**About this exercise**:
Where a line in the records below includes "Level", pull that line out.

**Data under study**:
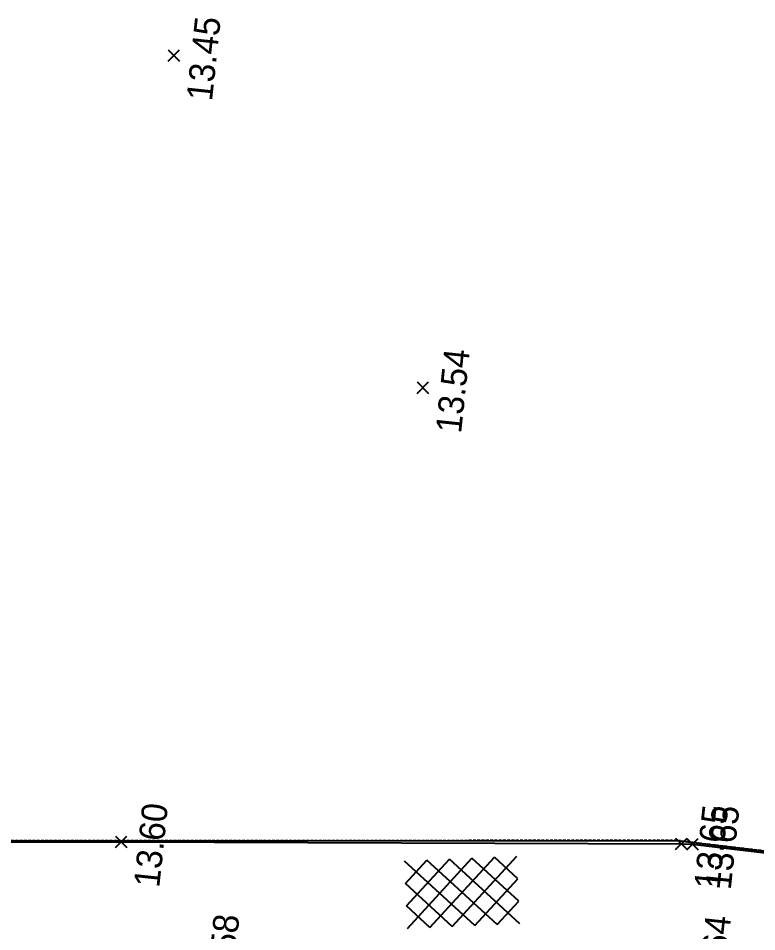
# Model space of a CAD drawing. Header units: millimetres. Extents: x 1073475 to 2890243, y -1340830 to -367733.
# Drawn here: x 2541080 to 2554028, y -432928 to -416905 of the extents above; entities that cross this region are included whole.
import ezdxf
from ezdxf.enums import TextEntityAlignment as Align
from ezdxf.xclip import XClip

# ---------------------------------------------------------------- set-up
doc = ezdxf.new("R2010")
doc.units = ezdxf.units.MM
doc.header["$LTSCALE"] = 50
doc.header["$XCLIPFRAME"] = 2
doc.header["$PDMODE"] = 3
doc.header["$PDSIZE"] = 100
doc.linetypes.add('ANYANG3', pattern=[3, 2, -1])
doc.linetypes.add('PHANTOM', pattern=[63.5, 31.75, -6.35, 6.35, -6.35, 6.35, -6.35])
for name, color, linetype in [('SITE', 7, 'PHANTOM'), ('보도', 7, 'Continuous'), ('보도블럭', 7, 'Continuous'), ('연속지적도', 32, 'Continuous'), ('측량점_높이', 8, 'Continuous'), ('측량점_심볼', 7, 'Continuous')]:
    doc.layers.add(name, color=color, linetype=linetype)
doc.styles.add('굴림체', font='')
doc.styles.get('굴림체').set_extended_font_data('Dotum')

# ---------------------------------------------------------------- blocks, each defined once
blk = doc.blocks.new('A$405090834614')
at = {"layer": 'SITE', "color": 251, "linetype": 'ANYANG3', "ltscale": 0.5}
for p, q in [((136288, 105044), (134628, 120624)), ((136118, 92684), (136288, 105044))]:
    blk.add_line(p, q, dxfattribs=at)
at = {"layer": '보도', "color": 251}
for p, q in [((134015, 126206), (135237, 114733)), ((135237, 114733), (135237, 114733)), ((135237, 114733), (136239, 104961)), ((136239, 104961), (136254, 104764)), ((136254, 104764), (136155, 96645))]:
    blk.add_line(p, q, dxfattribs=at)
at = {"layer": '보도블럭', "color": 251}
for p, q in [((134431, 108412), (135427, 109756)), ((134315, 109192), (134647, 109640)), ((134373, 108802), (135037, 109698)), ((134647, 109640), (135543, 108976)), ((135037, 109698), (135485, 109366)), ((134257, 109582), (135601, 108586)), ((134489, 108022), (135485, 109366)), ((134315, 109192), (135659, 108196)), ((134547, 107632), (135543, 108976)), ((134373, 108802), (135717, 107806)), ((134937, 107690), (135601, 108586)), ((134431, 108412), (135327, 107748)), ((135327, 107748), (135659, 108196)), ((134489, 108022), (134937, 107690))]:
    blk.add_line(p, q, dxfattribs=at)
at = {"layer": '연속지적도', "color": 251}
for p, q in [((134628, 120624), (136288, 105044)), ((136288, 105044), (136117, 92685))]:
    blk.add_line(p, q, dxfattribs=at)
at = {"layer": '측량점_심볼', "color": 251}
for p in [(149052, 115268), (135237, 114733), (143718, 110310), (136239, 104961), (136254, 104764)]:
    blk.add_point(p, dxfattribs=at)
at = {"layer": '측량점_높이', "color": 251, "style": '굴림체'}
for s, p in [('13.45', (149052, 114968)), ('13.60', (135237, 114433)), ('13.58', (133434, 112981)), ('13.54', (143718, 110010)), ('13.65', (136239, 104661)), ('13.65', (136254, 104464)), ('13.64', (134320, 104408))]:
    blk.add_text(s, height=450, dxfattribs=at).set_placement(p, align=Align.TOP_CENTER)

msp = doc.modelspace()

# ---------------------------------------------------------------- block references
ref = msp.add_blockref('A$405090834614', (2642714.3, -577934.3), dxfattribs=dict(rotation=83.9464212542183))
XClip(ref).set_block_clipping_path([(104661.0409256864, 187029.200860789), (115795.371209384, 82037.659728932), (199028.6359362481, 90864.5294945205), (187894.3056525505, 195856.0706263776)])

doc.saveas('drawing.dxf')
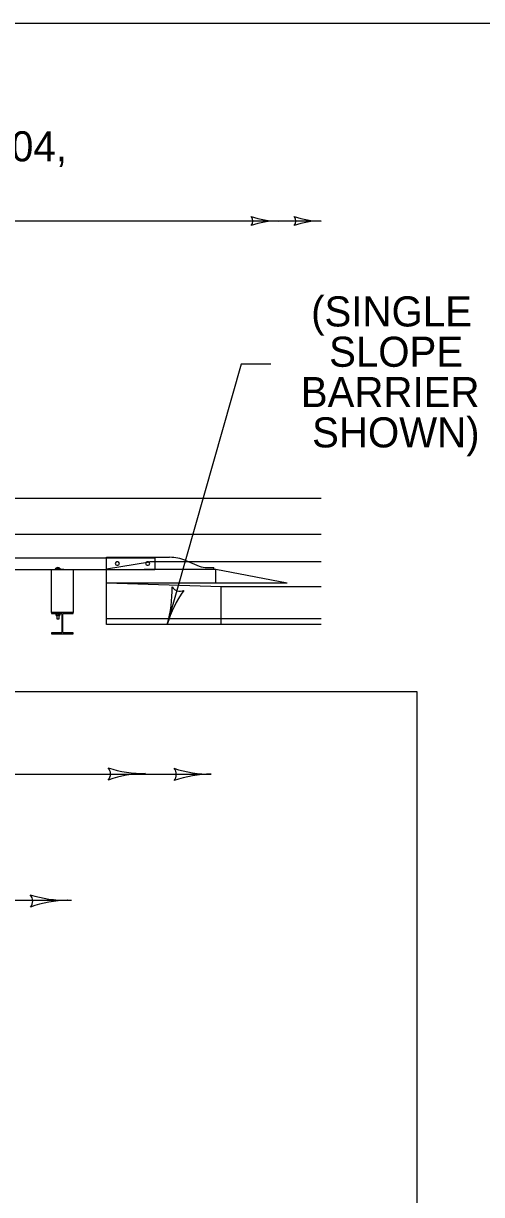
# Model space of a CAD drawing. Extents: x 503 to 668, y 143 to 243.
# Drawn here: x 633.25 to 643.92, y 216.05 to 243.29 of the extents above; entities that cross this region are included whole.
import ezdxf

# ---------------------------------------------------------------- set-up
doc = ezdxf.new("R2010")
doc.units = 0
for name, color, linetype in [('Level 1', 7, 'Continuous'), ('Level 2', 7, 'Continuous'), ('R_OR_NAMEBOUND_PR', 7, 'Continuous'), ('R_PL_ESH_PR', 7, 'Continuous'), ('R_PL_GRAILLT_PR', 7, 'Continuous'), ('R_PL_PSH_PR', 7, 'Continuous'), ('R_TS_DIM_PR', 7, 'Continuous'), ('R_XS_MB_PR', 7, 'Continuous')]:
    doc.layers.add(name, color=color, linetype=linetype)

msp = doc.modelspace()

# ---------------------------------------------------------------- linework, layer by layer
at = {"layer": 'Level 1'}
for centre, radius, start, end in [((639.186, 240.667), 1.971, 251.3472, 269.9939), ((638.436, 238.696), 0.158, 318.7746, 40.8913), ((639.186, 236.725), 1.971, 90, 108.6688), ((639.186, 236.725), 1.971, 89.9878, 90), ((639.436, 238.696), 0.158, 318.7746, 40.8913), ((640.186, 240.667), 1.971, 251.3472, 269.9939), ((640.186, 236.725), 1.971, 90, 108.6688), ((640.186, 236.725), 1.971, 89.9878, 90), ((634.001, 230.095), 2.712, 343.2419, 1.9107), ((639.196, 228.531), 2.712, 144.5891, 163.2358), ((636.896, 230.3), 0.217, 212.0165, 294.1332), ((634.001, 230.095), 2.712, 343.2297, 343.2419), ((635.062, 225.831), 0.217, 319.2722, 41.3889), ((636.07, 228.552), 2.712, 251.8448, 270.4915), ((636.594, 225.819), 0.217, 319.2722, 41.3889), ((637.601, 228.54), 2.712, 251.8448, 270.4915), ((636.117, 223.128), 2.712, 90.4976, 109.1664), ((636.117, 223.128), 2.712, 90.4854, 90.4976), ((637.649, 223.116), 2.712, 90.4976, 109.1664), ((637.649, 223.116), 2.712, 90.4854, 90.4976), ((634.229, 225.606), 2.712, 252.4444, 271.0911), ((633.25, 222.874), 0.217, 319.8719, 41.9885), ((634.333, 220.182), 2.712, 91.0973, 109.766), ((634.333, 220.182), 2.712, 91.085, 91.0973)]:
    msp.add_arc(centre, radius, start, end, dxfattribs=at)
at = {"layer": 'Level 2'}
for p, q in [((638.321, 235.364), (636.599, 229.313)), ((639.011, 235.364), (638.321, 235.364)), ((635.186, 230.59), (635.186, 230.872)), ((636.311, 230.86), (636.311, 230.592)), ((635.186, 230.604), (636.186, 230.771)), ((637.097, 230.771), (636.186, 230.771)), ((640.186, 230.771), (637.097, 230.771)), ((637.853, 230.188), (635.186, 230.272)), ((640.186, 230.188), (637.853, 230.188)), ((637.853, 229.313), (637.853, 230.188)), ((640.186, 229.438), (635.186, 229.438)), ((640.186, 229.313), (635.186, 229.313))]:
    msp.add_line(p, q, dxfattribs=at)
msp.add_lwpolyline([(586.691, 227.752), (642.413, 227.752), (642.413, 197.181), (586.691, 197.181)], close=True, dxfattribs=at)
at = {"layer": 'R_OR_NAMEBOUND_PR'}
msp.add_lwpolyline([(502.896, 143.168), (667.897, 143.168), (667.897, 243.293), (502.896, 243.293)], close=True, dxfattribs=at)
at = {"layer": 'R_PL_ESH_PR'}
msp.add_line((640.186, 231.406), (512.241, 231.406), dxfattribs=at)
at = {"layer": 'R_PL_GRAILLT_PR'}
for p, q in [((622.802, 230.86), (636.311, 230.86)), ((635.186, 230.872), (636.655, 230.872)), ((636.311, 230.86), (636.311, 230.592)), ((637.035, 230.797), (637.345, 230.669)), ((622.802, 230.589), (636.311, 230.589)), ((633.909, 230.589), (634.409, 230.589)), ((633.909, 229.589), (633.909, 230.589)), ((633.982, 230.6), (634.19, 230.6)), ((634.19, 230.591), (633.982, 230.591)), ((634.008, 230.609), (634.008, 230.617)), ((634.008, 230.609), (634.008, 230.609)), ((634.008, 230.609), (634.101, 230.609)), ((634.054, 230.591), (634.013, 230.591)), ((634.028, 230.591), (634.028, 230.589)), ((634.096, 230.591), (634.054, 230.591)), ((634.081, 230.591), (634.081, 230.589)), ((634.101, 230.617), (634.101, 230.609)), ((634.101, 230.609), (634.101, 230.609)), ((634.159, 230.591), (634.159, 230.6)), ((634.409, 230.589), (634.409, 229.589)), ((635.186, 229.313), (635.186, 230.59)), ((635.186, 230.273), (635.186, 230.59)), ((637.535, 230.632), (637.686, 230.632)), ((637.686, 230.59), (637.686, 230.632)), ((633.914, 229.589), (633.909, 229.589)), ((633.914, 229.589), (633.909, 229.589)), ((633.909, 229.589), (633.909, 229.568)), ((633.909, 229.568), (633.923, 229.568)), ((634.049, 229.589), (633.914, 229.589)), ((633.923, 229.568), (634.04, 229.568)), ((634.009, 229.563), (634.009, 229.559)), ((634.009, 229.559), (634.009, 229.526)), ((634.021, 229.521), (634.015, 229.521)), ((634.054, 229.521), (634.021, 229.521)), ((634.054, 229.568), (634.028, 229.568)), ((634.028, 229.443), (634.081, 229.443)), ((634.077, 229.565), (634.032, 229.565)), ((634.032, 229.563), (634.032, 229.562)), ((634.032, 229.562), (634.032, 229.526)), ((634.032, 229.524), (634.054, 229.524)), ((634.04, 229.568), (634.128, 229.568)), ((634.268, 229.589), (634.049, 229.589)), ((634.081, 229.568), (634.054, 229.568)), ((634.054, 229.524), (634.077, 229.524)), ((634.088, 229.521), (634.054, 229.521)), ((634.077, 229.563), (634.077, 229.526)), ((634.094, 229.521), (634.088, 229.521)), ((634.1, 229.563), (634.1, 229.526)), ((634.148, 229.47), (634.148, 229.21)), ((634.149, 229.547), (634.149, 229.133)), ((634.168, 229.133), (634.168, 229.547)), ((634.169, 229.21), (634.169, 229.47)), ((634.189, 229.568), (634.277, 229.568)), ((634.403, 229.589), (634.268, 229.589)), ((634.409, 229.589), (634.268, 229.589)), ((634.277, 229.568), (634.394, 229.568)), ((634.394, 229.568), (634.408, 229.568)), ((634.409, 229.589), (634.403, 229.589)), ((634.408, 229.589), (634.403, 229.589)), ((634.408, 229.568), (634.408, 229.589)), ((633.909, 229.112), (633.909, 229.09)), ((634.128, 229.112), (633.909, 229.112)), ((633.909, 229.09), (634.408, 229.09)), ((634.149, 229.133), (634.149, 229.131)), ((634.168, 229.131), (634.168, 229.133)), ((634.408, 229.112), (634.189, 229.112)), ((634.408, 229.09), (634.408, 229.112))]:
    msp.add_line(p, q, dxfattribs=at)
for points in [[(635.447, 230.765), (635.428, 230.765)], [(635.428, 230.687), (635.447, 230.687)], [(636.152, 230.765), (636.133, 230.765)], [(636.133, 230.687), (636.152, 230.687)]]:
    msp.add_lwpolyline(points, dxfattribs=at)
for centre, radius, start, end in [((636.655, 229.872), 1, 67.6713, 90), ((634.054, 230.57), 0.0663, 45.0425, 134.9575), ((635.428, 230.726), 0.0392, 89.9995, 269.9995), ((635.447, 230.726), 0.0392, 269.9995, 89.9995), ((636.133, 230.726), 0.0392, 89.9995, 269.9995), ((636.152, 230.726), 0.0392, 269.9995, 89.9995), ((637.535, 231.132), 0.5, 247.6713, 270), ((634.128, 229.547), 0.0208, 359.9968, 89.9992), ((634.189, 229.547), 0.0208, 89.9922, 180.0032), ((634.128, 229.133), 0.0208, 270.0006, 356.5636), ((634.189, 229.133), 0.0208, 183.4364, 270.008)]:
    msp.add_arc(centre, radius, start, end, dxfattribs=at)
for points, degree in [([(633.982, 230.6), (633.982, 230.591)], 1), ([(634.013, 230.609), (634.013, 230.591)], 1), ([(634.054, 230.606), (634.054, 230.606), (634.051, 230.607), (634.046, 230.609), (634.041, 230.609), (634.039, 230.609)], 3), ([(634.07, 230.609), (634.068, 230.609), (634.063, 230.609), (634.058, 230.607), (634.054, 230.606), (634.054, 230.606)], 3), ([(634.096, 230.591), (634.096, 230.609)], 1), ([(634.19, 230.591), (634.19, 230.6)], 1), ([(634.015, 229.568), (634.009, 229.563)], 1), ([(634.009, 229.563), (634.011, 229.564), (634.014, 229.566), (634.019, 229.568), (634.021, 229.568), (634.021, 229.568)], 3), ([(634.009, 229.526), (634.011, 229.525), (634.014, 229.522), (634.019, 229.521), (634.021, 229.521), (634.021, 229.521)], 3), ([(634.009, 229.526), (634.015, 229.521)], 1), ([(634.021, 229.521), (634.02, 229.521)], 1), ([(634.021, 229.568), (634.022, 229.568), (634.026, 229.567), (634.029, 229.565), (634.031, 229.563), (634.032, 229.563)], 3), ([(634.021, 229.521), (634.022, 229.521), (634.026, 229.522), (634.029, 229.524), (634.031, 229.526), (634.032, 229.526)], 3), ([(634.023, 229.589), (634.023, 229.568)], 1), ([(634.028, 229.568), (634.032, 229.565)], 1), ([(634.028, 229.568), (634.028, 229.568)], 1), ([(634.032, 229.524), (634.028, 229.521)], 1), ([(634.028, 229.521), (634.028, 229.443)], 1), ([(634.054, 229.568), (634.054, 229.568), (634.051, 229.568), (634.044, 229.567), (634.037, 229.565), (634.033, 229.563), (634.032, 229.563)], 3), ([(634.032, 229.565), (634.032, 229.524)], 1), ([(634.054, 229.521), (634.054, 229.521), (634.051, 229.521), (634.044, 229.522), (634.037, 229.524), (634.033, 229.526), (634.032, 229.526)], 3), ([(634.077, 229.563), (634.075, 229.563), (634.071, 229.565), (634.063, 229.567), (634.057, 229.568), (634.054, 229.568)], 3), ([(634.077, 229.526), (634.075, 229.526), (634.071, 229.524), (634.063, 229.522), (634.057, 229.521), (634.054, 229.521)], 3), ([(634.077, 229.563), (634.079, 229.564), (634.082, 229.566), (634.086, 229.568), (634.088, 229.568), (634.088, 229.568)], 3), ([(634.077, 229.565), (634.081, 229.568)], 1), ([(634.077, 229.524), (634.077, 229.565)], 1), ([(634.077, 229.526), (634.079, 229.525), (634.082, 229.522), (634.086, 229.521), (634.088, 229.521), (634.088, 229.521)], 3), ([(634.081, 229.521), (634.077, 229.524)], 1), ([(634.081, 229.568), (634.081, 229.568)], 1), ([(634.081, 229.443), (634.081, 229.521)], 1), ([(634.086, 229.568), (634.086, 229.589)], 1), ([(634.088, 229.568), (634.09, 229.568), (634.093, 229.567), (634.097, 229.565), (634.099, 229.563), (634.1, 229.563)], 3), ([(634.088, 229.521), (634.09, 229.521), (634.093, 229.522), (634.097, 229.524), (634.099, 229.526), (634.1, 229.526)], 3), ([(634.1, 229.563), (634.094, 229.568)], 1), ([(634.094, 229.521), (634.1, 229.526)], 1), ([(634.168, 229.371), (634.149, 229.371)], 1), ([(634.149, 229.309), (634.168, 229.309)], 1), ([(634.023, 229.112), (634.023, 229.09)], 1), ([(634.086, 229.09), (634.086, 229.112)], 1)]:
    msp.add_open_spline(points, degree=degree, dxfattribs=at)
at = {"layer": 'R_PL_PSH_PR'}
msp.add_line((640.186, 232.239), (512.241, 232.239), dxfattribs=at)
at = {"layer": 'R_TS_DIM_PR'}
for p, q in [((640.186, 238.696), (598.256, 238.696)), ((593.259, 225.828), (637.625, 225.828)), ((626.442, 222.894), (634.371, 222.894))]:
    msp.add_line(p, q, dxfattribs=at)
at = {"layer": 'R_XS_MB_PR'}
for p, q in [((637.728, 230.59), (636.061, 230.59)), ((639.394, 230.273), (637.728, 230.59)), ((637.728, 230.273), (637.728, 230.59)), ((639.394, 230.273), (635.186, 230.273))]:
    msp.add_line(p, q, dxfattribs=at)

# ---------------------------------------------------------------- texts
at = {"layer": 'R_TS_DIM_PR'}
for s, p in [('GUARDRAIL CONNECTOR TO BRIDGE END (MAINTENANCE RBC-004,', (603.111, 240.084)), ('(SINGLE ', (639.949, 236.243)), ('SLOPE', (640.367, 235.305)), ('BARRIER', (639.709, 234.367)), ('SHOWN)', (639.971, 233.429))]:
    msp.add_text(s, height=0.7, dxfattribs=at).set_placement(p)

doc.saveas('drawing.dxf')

**Exercise output**:
for name, color, linetype in [('Level 1', 7, 'Continuous'), ('Level 2', 7, 'Continuous'), ('R_OR_NAMEBOUND_PR', 7, 'Continuous'), ('R_PL_ESH_PR', 7, 'Continuous'), ('R_PL_GRAILLT_PR', 7, 'Continuous'), ('R_PL_PSH_PR', 7, 'Continuous'), ('R_TS_DIM_PR', 7, 'Continuous'), ('R_XS_MB_PR', 7, 'Continuous')]:
at = {"layer": 'Level 1'}
at = {"layer": 'Level 2'}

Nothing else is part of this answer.